Items listed in a dataset:
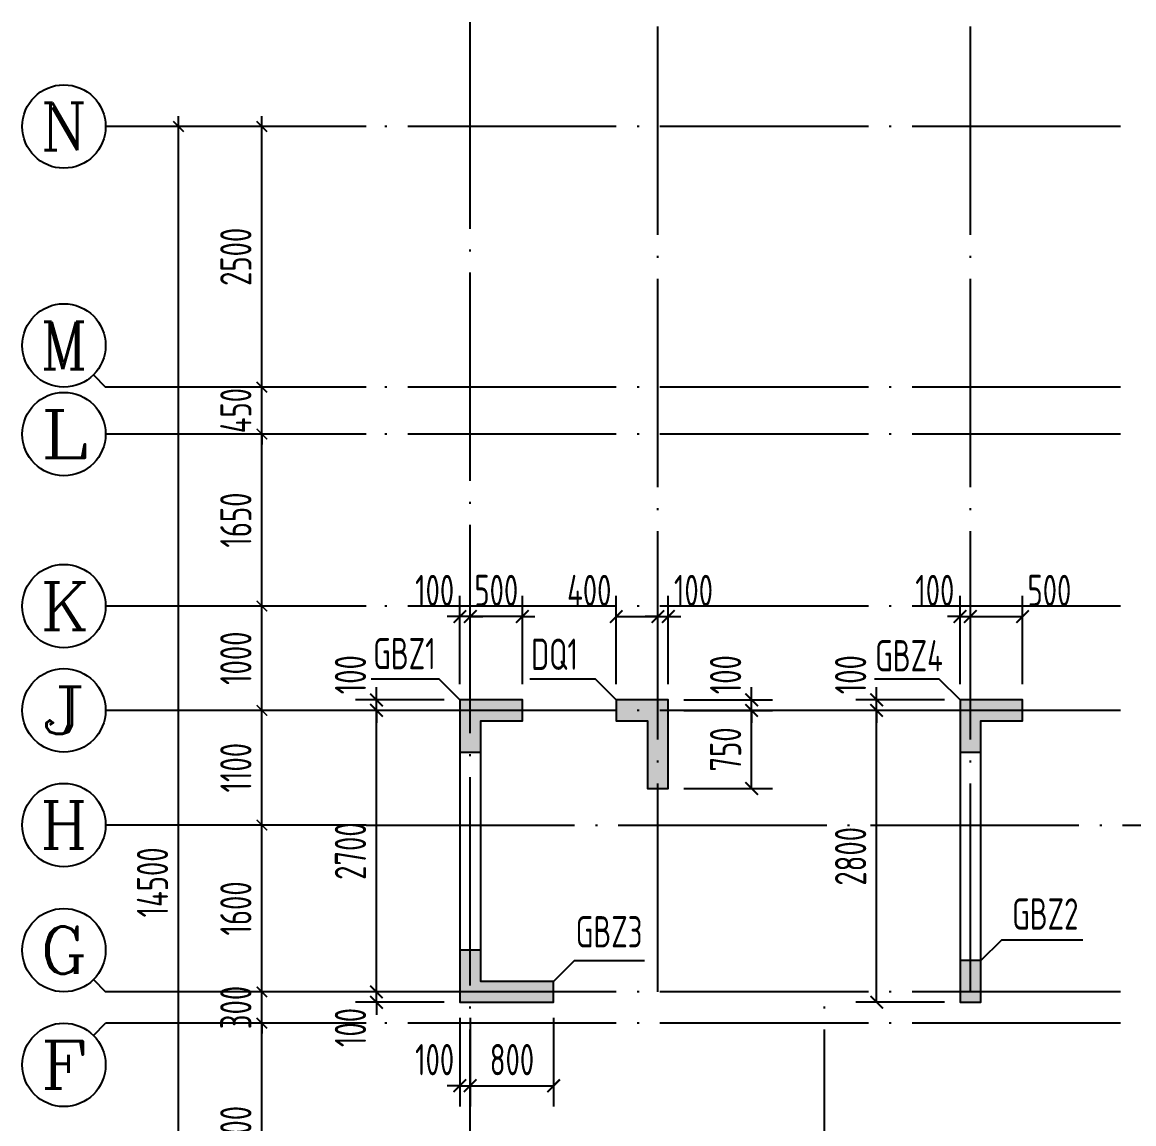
# Model space of a CAD drawing. Extents: x 826826 to 1642106, y -156213 to 399140.
# Drawn here: x 1167696 to 1178363, y 195289 to 205854 of the extents above; entities that cross this region are included whole.
import ezdxf
from ezdxf.enums import TextEntityAlignment as Align

# ---------------------------------------------------------------- set-up
doc = ezdxf.new("R2010")
doc.units = 0
doc.header["$LTSCALE"] = 1000
doc.linetypes.add('DOTE', pattern=[2.42, 2, -0.2, 0.02, -0.2])
doc.layers.get('0').update_dxf_attribs({"linetype": 'CONTINUOUS'})
doc.layers.get('DEFPOINTS').update_dxf_attribs({"linetype": 'CONTINUOUS'})
for name, color, linetype in [('A-AXIS', 1, 'CONTINUOUS'), ('A-DOTE', 10, 'DOTE'), ('AXIS_TEXT', 4, 'CONTINUOUS'), ('S-Q墙实线', 6, 'CONTINUOUS'), ('S-Q墙标注', 3, 'CONTINUOUS'), ('S-X详图填充', 252, 'CONTINUOUS'), ('S-X详图实线', 4, 'CONTINUOUS'), ('S-Y一般标注', 3, 'CONTINUOUS'), ('S-Z柱编号', 6, 'CONTINUOUS')]:
    doc.layers.add(name, color=color, linetype=linetype)
doc.styles.add('_TCH_AXIS', font='COMPLEX', dxfattribs={"bigfont": 'GBCBIG'})
doc.styles.add('COMPLEX', font='COMPLEX')
doc.styles.add('TSSD_DIMENSION', font='Tssdeng.shx', dxfattribs={"width": 0.7, "bigfont": 'tssdchn.shx'})
doc.styles.add('TSSD_REIN', font='tssdeng.shx', dxfattribs={"width": 0.7, "height": 300, "bigfont": 'tssdchn.shx'})
doc.styles.add('结构文字', font='zstxt.shx', dxfattribs={"width": 0.7, "bigfont": 'zshz.shx'})
doc.dimstyles.new('STRUCK', dxfattribs={"dimtxt": 400, "dimasz": 121, "dimexe": 200, "dimexo": 150, "dimgap": 115, "dimtad": 1, "dimdec": 0, "dimdsep": 46, "dimtxsty": '结构文字', "dimblk": 'ARCHTICK', "dimcen": 400, "dimclrd": 3, "dimclre": 3, "dimclrt": 7, "dimadec": 0, "dimazin": 0, "dimtfac": 1, "dimtdec": 0, "dimtix": 1, "dimtmove": 2, "dimatfit": 3, "dimldrblk": '_DIMX', "dimfxl": 0, "dimtolj": 1, "dimtzin": 0, "dimarcsym": 0})
doc.dimstyles.new('TSSD_100_100$0', dxfattribs={"dimtxt": 300, "dimasz": 80, "dimexe": 100, "dimexo": 250, "dimgap": 100, "dimtad": 1, "dimdec": 0, "dimzin": 0, "dimdsep": 46, "dimtxsty": 'TSSD_DIMENSION', "dimblk": 'ARCHTICK', "dimcen": 0, "dimdle": 100, "dimclrd": 3, "dimclre": 3, "dimclrt": 7, "dimadec": 0, "dimazin": 0, "dimtfac": 1, "dimtdec": 0, "dimtix": 1, "dimtmove": 2, "dimatfit": 3, "dimldrblk": 'ARCHTICK', "dimfxl": 0, "dimtolj": 1, "dimtzin": 0, "dimarcsym": 0})

# ---------------------------------------------------------------- blocks, each defined once
blk = doc.blocks.new('_ArchTick')
at = {"color": 0, "linetype": 'ByBlock', "const_width": 0.15}
blk.add_lwpolyline([(-0.5, -0.5), (0.5, 0.5)], dxfattribs=at)
blk = doc.blocks.new('*D891')
at = {"layer": 'DEFPOINTS', "color": 0}
for p in [(2300, 10200), (3300, 10200), (3300, 8100)]:
    blk.add_point(p, dxfattribs=at)
at = {"layer": 'S-Y一般标注', "color": 0, "lineweight": -2}
for p, q in [((2300, 8000), (2300, 10300)), ((3050, 10200), (2200, 10200)), ((3050, 8100), (2200, 8100))]:
    blk.add_line(p, q, dxfattribs=at)
at = {"layer": 'S-Y一般标注', "color": 0, "lineweight": -2, "xscale": 100, "yscale": 100, "zscale": 100}
for p, rotation in [((2300, 10200), 90), ((2300, 8100), 270)]:
    blk.add_blockref('_ArchTick', p, dxfattribs=dict(at, rotation=rotation))
at = {"layer": 'S-Y一般标注', "color": 7, "insert": (2050, 9150), "char_height": 300, "attachment_point": 5, "rotation": 90, "style": 'TSSD_DIMENSION'}
blk.add_mtext('\\A1;2100', dxfattribs=at)
blk = doc.blocks.new('*D892')
at = {"layer": 'DEFPOINTS', "color": 0}
for p in [(2300, 10500), (3300, 10500), (3300, 10200)]:
    blk.add_point(p, dxfattribs=at)
at = {"layer": 'S-Y一般标注', "color": 0, "lineweight": -2}
for p, q in [((2300, 10500), (2300, 10600)), ((3050, 10500), (2200, 10500)), ((2300, 10200), (2300, 10500)), ((3050, 10200), (2200, 10200)), ((2300, 10200), (2300, 10100))]:
    blk.add_line(p, q, dxfattribs=at)
at = {"layer": 'S-Y一般标注', "color": 0, "lineweight": -2, "xscale": 100, "yscale": 100, "zscale": 100}
for p, rotation in [((2300, 10500), 270), ((2300, 10200), 90)]:
    blk.add_blockref('_ArchTick', p, dxfattribs=dict(at, rotation=rotation))
at = {"layer": 'S-Y一般标注', "color": 7, "insert": (2050, 10350), "char_height": 300, "attachment_point": 5, "rotation": 90, "style": 'TSSD_DIMENSION'}
blk.add_mtext('\\A1;300', dxfattribs=at)
blk = doc.blocks.new('*D893')
at = {"layer": 'DEFPOINTS', "color": 0}
for p in [(2300, 12100), (3300, 12100), (3300, 10500)]:
    blk.add_point(p, dxfattribs=at)
at = {"layer": 'S-Y一般标注', "color": 0, "lineweight": -2}
for p, q in [((2300, 10400), (2300, 12200)), ((3050, 12100), (2200, 12100)), ((3050, 10500), (2200, 10500))]:
    blk.add_line(p, q, dxfattribs=at)
at = {"layer": 'S-Y一般标注', "color": 0, "lineweight": -2, "xscale": 100, "yscale": 100, "zscale": 100}
for p, rotation in [((2300, 12100), 90), ((2300, 10500), 270)]:
    blk.add_blockref('_ArchTick', p, dxfattribs=dict(at, rotation=rotation))
at = {"layer": 'S-Y一般标注', "color": 7, "insert": (2050, 11300), "char_height": 300, "attachment_point": 5, "rotation": 90, "style": 'TSSD_DIMENSION'}
blk.add_mtext('\\A1;1600', dxfattribs=at)
blk = doc.blocks.new('*D894')
at = {"layer": 'DEFPOINTS', "color": 0}
for p in [(2300, 13200), (3300, 13200), (3300, 12100)]:
    blk.add_point(p, dxfattribs=at)
at = {"layer": 'S-Y一般标注', "color": 0, "lineweight": -2}
for p, q in [((2300, 12000), (2300, 13300)), ((3050, 13200), (2200, 13200)), ((3050, 12100), (2200, 12100))]:
    blk.add_line(p, q, dxfattribs=at)
at = {"layer": 'S-Y一般标注', "color": 0, "lineweight": -2, "xscale": 100, "yscale": 100, "zscale": 100}
for p, rotation in [((2300, 13200), 90), ((2300, 12100), 270)]:
    blk.add_blockref('_ArchTick', p, dxfattribs=dict(at, rotation=rotation))
at = {"layer": 'S-Y一般标注', "color": 7, "insert": (2050, 12650), "char_height": 300, "attachment_point": 5, "rotation": 90, "style": 'TSSD_DIMENSION'}
blk.add_mtext('\\A1;1100', dxfattribs=at)
blk = doc.blocks.new('*D895')
at = {"layer": 'DEFPOINTS', "color": 0}
for p in [(2300, 14200), (3300, 14200), (3300, 13200)]:
    blk.add_point(p, dxfattribs=at)
at = {"layer": 'S-Y一般标注', "color": 0, "lineweight": -2}
for p, q in [((2300, 13100), (2300, 14300)), ((3050, 14200), (2200, 14200)), ((3050, 13200), (2200, 13200))]:
    blk.add_line(p, q, dxfattribs=at)
at = {"layer": 'S-Y一般标注', "color": 0, "lineweight": -2, "xscale": 100, "yscale": 100, "zscale": 100}
for p, rotation in [((2300, 14200), 90), ((2300, 13200), 270)]:
    blk.add_blockref('_ArchTick', p, dxfattribs=dict(at, rotation=rotation))
at = {"layer": 'S-Y一般标注', "color": 7, "insert": (2050, 13700), "char_height": 300, "attachment_point": 5, "rotation": 90, "style": 'TSSD_DIMENSION'}
blk.add_mtext('\\A1;1000', dxfattribs=at)
blk = doc.blocks.new('*D896')
at = {"layer": 'DEFPOINTS', "color": 0}
for p in [(2300, 15850), (3300, 15850), (3300, 14200)]:
    blk.add_point(p, dxfattribs=at)
at = {"layer": 'S-Y一般标注', "color": 0, "lineweight": -2}
for p, q in [((2300, 14100), (2300, 15950)), ((3050, 15850), (2200, 15850)), ((3050, 14200), (2200, 14200))]:
    blk.add_line(p, q, dxfattribs=at)
at = {"layer": 'S-Y一般标注', "color": 0, "lineweight": -2, "xscale": 100, "yscale": 100, "zscale": 100}
for p, rotation in [((2300, 15850), 90), ((2300, 14200), 270)]:
    blk.add_blockref('_ArchTick', p, dxfattribs=dict(at, rotation=rotation))
at = {"layer": 'S-Y一般标注', "color": 7, "insert": (2050, 15025), "char_height": 300, "attachment_point": 5, "rotation": 90, "style": 'TSSD_DIMENSION'}
blk.add_mtext('\\A1;1650', dxfattribs=at)
blk = doc.blocks.new('*D897')
at = {"layer": 'DEFPOINTS', "color": 0}
for p in [(2300, 16300), (3300, 16300), (3300, 15850)]:
    blk.add_point(p, dxfattribs=at)
at = {"layer": 'S-Y一般标注', "color": 0, "lineweight": -2}
for p, q in [((2300, 16300), (2300, 16400)), ((3050, 16300), (2200, 16300)), ((2300, 15850), (2300, 16300)), ((3050, 15850), (2200, 15850)), ((2300, 15850), (2300, 15750))]:
    blk.add_line(p, q, dxfattribs=at)
at = {"layer": 'S-Y一般标注', "color": 0, "lineweight": -2, "xscale": 100, "yscale": 100, "zscale": 100}
for p, rotation in [((2300, 16300), 270), ((2300, 15850), 90)]:
    blk.add_blockref('_ArchTick', p, dxfattribs=dict(at, rotation=rotation))
at = {"layer": 'S-Y一般标注', "color": 7, "insert": (2050, 16075), "char_height": 300, "attachment_point": 5, "rotation": 90, "style": 'TSSD_DIMENSION'}
blk.add_mtext('\\A1;450', dxfattribs=at)
blk = doc.blocks.new('*D898')
at = {"layer": 'DEFPOINTS', "color": 0}
for p in [(2300, 18800), (3300, 18800), (3300, 16300)]:
    blk.add_point(p, dxfattribs=at)
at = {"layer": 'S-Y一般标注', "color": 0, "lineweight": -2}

Description of the task: Leaving out every picture, repeat exactly the lines of the records from the start through the line that has "from ezdxf.enums import".

Answer for the task:
# Model space of a CAD drawing. Extents: x 826826 to 1642106, y -156213 to 399140.
# Drawn here: x 1167696 to 1178363, y 195289 to 205854 of the extents above; entities that cross this region are included whole.
import ezdxf
from ezdxf.enums import TextEntityAlignment as Align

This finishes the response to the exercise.